И он вдруг понял, что все время ждал этих слов. Как бы ни был он убежден, что не в чем ему винить себя, что совесть его спокойна, как бы ни уверял он себя в этом, а все-таки носил он на сердце тяжесть и, кажется, начал даже постепенно привыкать и смиряться с ней, как привыкают и смиряются с несильной, но постоянной болью…
Они сидели на скамейке, тесно прижавшись друг к другу, стараясь согреть друг друга, в этом маленьком, безлюдном, насквозь продуваемом ветром сквере, как двое влюбленных, у которых еще не было ни пристанища, ни общей крыши над головой, ни дома, где бы они могли укрыться… Никто не мешал им сразу вернуться к Тане, но почему-то и он и она вели себя так, словно эта мысль не приходила им в голову, словно там, в ее доме, вместе с невыветрившимся запахом чужих сигарет еще оставались чужие им люди…
— Я, кажется, начинаю верить в судьбу… — сказала Таня. — Разве не странно, что мы опять с тобой сидим вот так, вместе… А сколько препятствий мы сами постарались нагромоздить, подумать только, Решетников, сколько препятствий!.. И все-таки я всегда чувствовала, что мы вернемся к этому, я знала…
— Это тебе теперь так кажется, — сказал Решетников, поддразнивая ее.
— Ничего подобного! Как писали в старинных книгах: они были предназначены друг другу самой судьбой, — так и мы, правда?
— Правда, — сказал Решетников. — Помнишь, однажды, когда мы сидели в твоей комнатке в издательстве, ты сказала, что в юности нам непременно хотелось сложностей, страданий… Мы придумывали, мы изобретали их — и мучили ими самих себя и друг друга. Наверно, так и должно было быть в юности, наверно, надо было пройти через это, переболеть этой болезнью, я не жалею… Но, знаешь, теперь, чем старше я становлюсь, тем больше начинаю верить в мудрость простых истин… Работа, любовь, верность… С возрастом начинаешь понимать, что нет большего счастья, чем близость одного человека другому…

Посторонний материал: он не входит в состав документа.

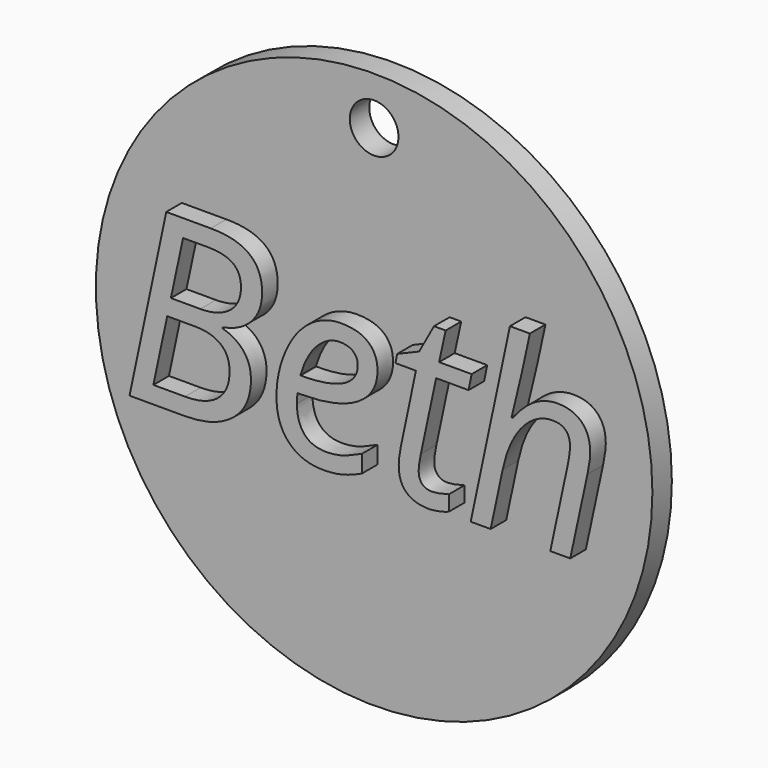
from build123d import *

# Parameters (mm, degrees)
F0_R         = 28.575
F1_DEPTH     = 1.25
F2_TEXT_SIZE = 24.9844794679
F3_DEPTH     = 2
F5_D         = 5


# Not quite as in the source:
# - Text() gives the source's letters only with a copy of the font that has no kerning and outlines rounded to 1/6400 em; it was checked with that copy


with BuildPart() as f1:
    # F0 (on Front) → F1 (new body, symmetric)
    with BuildSketch(Plane.XZ):
        Circle(F0_R)
    extrude(amount=F1_DEPTH, both=True)

    # F2 (on face) → F3 (join)
    with BuildSketch(Plane.XZ.offset(1.25)):
        with Locations((-24.5668292046, -7.3834732175)):
            Text('Beth', F2_TEXT_SIZE, font='Open Sans', font_style=FontStyle.ITALIC, text_align=(TextAlign.LEFT, TextAlign.BOTTOM))
    extrude(amount=F3_DEPTH)

    # F5 (through all)
    with Locations(Plane.XZ.offset(1.25)):
        with Locations((0, 23.651426658)):
            Hole(F5_D / 2)


solid = f1.part
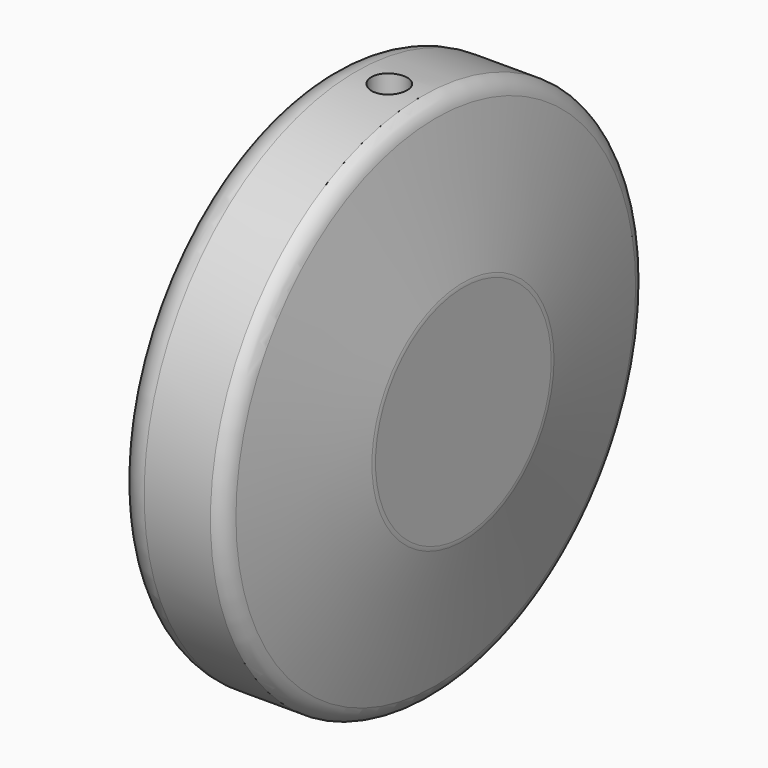
from build123d import *

# Parameters (mm, degrees)
F0_R      = 25.95
F1_DEPTH  = 4
F2_SIZE2  = 3
F2_SIZE   = 15
F3_DEPTH  = 9.49
F4_R      = 3
F7_R      = 1.75
F8_DEPTH  = 15
F10_W     = 2.5
F10_H     = 7
F11_DEPTH = 5


# Not quite as in the source:
# - a fillet or chamfer that OpenCascade refuses, or shapes differently, is made with other operations: its cross-section is extruded or revolved along the edge and cut away or added


with BuildPart() as f1:
    # F0 (on Right) → F1 (new body)
    with BuildSketch(Plane.YZ):
        Circle(F0_R)
    extrude(amount=F1_DEPTH)

    # F2
    f2_edges = [f1.edges().sort_by_distance(p)[0] for p in [
        (4, -25.95, 0),
    ]]
    f2_side = f1.faces().sort_by_distance((4, 0, 0))[0]
    chamfer(f2_edges, length=F2_SIZE, length2=F2_SIZE2, reference=f2_side)


with BuildPart() as f3:
    # F3 (new): a face of the model
    f3_faces = [f1.part.faces().sort_by_distance(p)[0] for p in [
        (0, 0, 0),
    ]]
    extrude(f3_faces, amount=F3_DEPTH)

    # F4
    f4_edges = [f3.edges().sort_by_distance(p)[0] for p in [
        (-9.49, -25.95, 0),
    ]]
    fillet(f4_edges, radius=F4_R)

    # F7 (on offset) → F8 (cut)
    with BuildSketch(Plane.XY.offset(25.95)):
        with Locations((-3.245, 0)):
            Circle(F7_R)
    extrude(amount=-F8_DEPTH, mode=Mode.SUBTRACT)

    # F10 (on offset) → F11 (cut)
    with BuildSketch(Plane.XY.offset(-25.95)):
        with Locations((-3.245, 0)):
            Rectangle(F10_W, F10_H)
    extrude(amount=F11_DEPTH, mode=Mode.SUBTRACT)


with BuildPart() as f1_1:
    add(f1.part)

    # F5: fillet of radius 2 on 2 edges, made by hand

    # F5_s1 → F5_t2 (revolve, cut)
    with BuildSketch(Plane.XY):
        with BuildLine():
            ThreePointArc((0, 25.95), (0.8475338818, 25.3745907932), (1.2989941134, 24.455029433))
            Line((1.2989941134, 24.455029433), (1, 25.95))
            Line((1, 25.95), (0, 25.95))
        make_face()
    revolve(axis=Axis((1, 0, 0), (1, 0, 0)), mode=Mode.SUBTRACT)

    # F5_s3 → F5_t4 (revolve, cut)
    with BuildSketch(Plane.XY):
        with BuildLine():
            ThreePointArc((3.9611613514, 11.1441932431), (3.9902666533, 10.9490362087), (4, 10.7519609728))
            Line((4, 10.7519609728), (4, 10.95))
            Line((4, 10.95), (3.9611613514, 11.1441932431))
        make_face()
    revolve(axis=Axis((4, 0, 0), (1, 0, 0)), mode=Mode.SUBTRACT)


solid = Compound([f3.part, f1_1.part])

— Слушай, Решетников, мы уже начинаем разговаривать, как два убеленных сединами старца, — сказала Таня. — Мне это не нравится. Скажи мне лучше что-нибудь веселое.
— Самое веселое, что сейчас уже третий час ночи, — оказал Решетников.
— Счастливые часов не наблюдают, а мы сегодня счастливые, правда? — сказала, смеясь, Таня. — Но мне, между прочим, завтра вставать в полвосьмого. И если я просплю, то в этом будете виноваты вы, сударь…
Они поднялись со скамейки и вышли на улицу, которая теперь была так же пустынна, как сквер. Только на перекрестке неутомимо мигал желтым глазом светофор.
— А как поживает наш общий друг Трифонов? — неожиданно спросила Таня.
— Ничего. Кажется, он метит в заместители директора. Прежний заместитель уходит на пенсию.
— Ну и как?
— Не знаю. Может быть, он и будет неплохим заместителем, — делая нажим на последнем слове, сказал Решетников.
— Во всяком случае, послушным, — оказала Таня.
Они шли по спящему городу, шаги их звучали в тишине, отдаваясь в глубине дворов, и город, далее в этой, не парадной его части, сейчас, ночью, когда темнота скрывала потеки на фасадах старых домов, казался величественным и строгим.
По пути им попалась доска объявлений, и, не сговариваясь, они оба остановились возле нее. Свет уличного фонаря падал на стекло, за которым скрывались белые квадратики объявлений.
— «Даю уроки английского, — прочел Решетников. — Готовлю в вузы по математике, физике, химии…»
— «Куплю электрогитару… — прочла Таня. — Продается недорого шуба из искусственного меха, пятьдесят второй размер…»
Нет, чуда не получилось. Сейчас, когда рядом с ними не было уже Таниного отца, и объявления, казалось, утратили свой волшебный смысл — только обыденность человеческих забот выглядывала из них.